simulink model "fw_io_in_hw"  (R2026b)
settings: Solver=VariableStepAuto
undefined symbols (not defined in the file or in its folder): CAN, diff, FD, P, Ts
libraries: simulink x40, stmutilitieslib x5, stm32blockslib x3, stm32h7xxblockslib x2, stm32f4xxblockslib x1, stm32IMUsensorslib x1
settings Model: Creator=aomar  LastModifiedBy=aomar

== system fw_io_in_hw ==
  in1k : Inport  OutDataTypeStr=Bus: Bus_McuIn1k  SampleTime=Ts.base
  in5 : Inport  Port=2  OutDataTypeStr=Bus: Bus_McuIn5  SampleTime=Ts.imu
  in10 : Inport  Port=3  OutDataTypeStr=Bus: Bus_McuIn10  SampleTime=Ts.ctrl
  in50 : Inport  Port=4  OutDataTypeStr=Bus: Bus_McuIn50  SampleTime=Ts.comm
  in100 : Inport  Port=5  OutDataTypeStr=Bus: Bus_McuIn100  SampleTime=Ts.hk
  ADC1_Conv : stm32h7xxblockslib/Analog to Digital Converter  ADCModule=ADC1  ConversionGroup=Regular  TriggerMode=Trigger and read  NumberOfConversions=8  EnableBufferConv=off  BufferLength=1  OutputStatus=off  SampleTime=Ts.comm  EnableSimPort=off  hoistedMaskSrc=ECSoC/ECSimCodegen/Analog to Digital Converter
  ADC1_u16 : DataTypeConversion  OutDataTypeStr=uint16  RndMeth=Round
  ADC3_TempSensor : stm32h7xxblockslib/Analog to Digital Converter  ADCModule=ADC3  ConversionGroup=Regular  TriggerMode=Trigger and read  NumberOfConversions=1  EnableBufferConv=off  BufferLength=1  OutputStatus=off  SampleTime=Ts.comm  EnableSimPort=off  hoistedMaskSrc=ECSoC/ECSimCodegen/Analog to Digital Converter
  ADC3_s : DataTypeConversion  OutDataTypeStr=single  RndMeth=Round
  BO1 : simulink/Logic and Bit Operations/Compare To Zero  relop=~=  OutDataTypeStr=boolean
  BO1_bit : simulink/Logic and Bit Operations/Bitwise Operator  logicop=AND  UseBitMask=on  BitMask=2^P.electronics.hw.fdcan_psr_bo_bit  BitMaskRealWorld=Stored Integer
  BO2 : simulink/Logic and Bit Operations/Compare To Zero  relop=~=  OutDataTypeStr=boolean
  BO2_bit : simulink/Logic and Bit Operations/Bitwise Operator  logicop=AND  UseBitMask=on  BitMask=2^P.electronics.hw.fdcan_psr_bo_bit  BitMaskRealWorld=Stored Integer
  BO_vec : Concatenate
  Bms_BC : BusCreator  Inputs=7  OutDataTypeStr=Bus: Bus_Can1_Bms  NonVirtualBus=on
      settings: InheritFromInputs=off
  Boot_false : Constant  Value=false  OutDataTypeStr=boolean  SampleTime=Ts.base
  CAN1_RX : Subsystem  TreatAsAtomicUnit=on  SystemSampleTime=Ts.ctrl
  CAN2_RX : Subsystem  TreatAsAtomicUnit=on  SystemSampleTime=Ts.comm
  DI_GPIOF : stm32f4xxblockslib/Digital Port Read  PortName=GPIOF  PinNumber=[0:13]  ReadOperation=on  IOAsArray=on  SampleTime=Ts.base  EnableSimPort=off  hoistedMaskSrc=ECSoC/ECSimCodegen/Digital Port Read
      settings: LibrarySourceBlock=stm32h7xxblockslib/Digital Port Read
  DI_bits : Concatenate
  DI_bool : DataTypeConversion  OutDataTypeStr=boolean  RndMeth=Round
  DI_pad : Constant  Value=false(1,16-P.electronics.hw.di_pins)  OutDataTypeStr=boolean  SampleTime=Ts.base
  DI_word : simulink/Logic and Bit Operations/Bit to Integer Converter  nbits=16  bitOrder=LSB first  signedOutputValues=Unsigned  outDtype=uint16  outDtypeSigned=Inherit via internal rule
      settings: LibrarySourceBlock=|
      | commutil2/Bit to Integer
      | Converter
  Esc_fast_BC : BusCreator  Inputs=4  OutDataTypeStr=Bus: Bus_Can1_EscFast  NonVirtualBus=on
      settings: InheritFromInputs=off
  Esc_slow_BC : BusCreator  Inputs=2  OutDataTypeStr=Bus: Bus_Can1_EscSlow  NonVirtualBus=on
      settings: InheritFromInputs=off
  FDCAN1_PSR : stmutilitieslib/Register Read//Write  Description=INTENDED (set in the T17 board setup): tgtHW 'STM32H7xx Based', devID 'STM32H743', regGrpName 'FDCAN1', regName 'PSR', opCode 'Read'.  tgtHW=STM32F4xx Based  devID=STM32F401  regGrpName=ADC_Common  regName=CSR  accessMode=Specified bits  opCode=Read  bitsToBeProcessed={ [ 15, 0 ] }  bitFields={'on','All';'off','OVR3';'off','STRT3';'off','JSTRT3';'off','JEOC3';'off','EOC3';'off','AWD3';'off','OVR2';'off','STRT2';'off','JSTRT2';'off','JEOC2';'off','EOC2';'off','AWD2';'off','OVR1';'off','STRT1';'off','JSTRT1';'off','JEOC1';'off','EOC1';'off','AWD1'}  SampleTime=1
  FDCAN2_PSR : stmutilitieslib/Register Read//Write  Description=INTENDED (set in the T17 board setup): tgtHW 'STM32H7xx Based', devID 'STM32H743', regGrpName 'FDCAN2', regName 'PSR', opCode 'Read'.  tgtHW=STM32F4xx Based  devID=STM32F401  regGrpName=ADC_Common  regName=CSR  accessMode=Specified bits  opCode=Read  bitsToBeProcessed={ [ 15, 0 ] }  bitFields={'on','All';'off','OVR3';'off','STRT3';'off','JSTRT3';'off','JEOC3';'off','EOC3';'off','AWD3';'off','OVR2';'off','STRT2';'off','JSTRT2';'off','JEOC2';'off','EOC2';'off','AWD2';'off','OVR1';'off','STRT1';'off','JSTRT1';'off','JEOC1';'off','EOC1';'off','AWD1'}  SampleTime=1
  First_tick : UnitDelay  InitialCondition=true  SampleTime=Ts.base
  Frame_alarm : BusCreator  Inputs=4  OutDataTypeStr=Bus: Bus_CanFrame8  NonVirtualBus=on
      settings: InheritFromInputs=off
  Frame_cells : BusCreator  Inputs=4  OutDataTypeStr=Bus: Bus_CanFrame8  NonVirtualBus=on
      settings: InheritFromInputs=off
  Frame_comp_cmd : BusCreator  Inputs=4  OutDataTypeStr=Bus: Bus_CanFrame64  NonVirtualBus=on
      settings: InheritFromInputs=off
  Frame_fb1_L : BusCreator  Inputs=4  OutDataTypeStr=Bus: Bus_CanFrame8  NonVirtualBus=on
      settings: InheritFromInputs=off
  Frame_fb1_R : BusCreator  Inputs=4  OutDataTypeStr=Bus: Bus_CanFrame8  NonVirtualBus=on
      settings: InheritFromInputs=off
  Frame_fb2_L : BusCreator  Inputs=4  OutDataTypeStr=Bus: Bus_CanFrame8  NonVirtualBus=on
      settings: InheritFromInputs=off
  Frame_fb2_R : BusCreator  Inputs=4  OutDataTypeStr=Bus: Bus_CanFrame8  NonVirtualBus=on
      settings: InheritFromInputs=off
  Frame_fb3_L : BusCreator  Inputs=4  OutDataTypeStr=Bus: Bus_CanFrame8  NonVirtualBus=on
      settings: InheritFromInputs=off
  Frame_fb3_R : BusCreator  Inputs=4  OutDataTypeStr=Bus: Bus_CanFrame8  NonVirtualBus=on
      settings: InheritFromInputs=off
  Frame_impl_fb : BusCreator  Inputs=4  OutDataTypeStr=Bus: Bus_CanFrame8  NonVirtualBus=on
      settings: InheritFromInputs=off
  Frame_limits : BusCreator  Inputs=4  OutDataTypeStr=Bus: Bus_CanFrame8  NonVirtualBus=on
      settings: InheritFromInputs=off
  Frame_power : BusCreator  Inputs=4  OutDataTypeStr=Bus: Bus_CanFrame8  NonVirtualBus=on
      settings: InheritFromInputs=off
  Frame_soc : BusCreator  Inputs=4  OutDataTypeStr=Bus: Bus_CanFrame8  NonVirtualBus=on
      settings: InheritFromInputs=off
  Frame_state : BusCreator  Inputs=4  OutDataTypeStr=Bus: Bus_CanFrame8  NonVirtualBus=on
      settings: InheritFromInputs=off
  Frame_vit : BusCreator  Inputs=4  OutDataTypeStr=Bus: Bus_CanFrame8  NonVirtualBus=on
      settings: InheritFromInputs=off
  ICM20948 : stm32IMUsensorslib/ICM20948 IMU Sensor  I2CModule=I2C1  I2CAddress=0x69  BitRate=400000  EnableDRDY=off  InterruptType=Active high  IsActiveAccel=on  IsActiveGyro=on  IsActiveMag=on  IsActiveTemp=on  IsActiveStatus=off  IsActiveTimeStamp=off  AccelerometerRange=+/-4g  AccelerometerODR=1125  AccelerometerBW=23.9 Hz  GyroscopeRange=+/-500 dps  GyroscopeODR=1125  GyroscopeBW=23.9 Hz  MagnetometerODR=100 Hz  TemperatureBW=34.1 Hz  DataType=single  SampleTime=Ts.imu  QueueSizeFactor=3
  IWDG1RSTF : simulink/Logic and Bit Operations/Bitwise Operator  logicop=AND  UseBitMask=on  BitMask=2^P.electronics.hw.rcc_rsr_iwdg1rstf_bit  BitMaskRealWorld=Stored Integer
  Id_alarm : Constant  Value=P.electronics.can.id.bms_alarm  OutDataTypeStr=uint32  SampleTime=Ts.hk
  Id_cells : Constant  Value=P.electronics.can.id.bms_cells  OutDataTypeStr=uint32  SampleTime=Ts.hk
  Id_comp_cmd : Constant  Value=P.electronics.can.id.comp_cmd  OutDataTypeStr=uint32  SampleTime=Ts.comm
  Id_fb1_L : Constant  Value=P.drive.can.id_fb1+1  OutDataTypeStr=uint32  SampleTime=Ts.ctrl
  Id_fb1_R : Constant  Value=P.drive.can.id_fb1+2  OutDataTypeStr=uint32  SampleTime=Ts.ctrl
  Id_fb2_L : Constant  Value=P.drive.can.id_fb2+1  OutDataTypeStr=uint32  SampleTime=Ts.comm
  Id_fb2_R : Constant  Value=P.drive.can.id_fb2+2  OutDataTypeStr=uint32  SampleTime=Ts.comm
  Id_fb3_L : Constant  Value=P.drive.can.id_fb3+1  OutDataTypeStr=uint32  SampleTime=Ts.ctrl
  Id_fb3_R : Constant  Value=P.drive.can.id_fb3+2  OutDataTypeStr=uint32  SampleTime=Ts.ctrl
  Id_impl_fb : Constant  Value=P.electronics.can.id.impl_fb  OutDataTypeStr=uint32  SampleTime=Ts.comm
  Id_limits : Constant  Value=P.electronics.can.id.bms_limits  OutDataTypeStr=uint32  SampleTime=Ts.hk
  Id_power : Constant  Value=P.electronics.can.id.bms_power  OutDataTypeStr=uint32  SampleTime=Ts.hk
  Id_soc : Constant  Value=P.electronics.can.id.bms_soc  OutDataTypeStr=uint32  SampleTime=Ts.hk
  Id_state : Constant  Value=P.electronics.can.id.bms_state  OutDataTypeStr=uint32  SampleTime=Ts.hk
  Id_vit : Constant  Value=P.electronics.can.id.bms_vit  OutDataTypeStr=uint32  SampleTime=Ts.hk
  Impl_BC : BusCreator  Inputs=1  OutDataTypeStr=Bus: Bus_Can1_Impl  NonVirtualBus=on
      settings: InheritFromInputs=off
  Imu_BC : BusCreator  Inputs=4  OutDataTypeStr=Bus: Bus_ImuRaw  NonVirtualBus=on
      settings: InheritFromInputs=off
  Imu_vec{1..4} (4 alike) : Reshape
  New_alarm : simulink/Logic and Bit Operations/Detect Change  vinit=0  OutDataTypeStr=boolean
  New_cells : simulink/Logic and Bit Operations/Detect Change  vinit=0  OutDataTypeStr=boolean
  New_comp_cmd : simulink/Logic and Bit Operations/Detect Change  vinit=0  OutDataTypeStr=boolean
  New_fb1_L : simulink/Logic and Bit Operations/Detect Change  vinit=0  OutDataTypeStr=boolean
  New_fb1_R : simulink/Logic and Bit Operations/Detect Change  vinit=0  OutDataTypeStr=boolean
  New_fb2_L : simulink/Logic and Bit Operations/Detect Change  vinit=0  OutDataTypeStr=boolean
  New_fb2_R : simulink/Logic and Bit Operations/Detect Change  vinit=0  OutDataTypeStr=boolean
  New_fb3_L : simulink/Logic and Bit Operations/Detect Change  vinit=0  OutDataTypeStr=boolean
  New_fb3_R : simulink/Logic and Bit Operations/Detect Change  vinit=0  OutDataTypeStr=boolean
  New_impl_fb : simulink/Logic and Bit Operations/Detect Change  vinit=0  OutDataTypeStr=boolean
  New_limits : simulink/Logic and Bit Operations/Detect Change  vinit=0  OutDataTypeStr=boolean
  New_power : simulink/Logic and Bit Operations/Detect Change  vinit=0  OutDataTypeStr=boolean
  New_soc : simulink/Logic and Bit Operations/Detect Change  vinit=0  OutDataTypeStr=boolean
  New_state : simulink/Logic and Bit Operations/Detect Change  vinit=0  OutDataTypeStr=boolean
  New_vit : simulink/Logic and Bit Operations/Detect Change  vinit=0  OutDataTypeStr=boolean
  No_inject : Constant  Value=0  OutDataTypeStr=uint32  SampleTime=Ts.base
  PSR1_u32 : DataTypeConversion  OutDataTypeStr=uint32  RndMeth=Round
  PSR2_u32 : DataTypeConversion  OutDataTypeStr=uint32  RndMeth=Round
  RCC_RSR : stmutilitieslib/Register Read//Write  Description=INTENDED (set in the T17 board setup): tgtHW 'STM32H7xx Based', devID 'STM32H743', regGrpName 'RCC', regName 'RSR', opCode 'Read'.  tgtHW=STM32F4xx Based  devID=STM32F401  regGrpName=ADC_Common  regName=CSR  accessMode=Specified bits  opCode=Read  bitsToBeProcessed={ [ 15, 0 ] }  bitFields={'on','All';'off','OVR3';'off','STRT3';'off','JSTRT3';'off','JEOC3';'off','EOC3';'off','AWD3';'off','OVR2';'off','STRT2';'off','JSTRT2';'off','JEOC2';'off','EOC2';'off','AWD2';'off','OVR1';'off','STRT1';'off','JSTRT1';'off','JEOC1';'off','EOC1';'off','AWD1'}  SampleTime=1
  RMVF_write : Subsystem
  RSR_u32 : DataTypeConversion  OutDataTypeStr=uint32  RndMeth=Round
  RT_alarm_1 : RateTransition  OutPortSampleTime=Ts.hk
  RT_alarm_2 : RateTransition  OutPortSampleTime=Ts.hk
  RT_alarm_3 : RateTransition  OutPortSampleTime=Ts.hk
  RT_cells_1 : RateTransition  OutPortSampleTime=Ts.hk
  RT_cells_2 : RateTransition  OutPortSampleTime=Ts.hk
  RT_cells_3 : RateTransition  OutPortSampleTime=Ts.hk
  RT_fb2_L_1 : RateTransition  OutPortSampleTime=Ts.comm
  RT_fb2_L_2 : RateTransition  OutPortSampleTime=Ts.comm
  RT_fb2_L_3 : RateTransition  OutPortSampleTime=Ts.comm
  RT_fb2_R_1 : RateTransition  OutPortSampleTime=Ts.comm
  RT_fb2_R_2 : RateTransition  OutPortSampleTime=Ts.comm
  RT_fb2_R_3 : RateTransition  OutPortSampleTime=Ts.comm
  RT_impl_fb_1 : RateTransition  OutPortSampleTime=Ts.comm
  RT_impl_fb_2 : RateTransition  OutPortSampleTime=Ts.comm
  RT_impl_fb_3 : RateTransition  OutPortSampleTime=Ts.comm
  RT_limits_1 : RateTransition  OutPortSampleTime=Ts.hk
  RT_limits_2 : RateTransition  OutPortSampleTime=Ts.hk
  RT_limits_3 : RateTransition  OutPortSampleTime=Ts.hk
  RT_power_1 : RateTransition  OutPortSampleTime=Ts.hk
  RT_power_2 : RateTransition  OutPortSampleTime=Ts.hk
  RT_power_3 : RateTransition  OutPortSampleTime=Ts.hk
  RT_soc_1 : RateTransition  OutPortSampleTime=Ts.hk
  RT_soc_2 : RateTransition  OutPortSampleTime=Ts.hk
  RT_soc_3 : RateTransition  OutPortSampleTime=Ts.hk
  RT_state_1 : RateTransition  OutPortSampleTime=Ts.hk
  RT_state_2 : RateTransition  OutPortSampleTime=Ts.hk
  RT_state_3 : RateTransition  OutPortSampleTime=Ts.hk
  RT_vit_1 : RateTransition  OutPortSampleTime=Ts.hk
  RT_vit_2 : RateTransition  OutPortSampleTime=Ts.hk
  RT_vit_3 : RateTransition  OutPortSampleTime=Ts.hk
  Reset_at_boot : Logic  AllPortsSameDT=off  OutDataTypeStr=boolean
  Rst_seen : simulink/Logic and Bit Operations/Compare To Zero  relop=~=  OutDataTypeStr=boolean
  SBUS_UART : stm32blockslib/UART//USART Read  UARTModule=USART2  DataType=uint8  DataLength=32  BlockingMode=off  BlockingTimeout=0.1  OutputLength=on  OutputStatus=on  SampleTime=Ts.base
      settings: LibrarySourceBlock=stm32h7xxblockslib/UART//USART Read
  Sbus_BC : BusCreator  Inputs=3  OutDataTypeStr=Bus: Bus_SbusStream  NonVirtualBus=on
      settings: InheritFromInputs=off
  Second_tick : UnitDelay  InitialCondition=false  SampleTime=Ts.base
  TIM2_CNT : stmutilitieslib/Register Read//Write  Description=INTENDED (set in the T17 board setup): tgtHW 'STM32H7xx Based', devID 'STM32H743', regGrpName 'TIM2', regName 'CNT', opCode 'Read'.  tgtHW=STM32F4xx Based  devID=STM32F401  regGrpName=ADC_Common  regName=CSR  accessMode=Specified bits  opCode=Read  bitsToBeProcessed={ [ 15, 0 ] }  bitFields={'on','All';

- **Exercise goal**: In the listing above, find the line containing "ADC1_Conv : stm32h7xxblockslib/Analog" and the line containing "ADC1_u16 : DataTypeConversion", then retype both and every line between them exactly, with nothing else.

- **Problem solution**:
  ADC1_Conv : stm32h7xxblockslib/Analog to Digital Converter  ADCModule=ADC1  ConversionGroup=Regular  TriggerMode=Trigger and read  NumberOfConversions=8  EnableBufferConv=off  BufferLength=1  OutputStatus=off  SampleTime=Ts.comm  EnableSimPort=off  hoistedMaskSrc=ECSoC/ECSimCodegen/Analog to Digital Converter
  ADC1_u16 : DataTypeConversion  OutDataTypeStr=uint16  RndMeth=Round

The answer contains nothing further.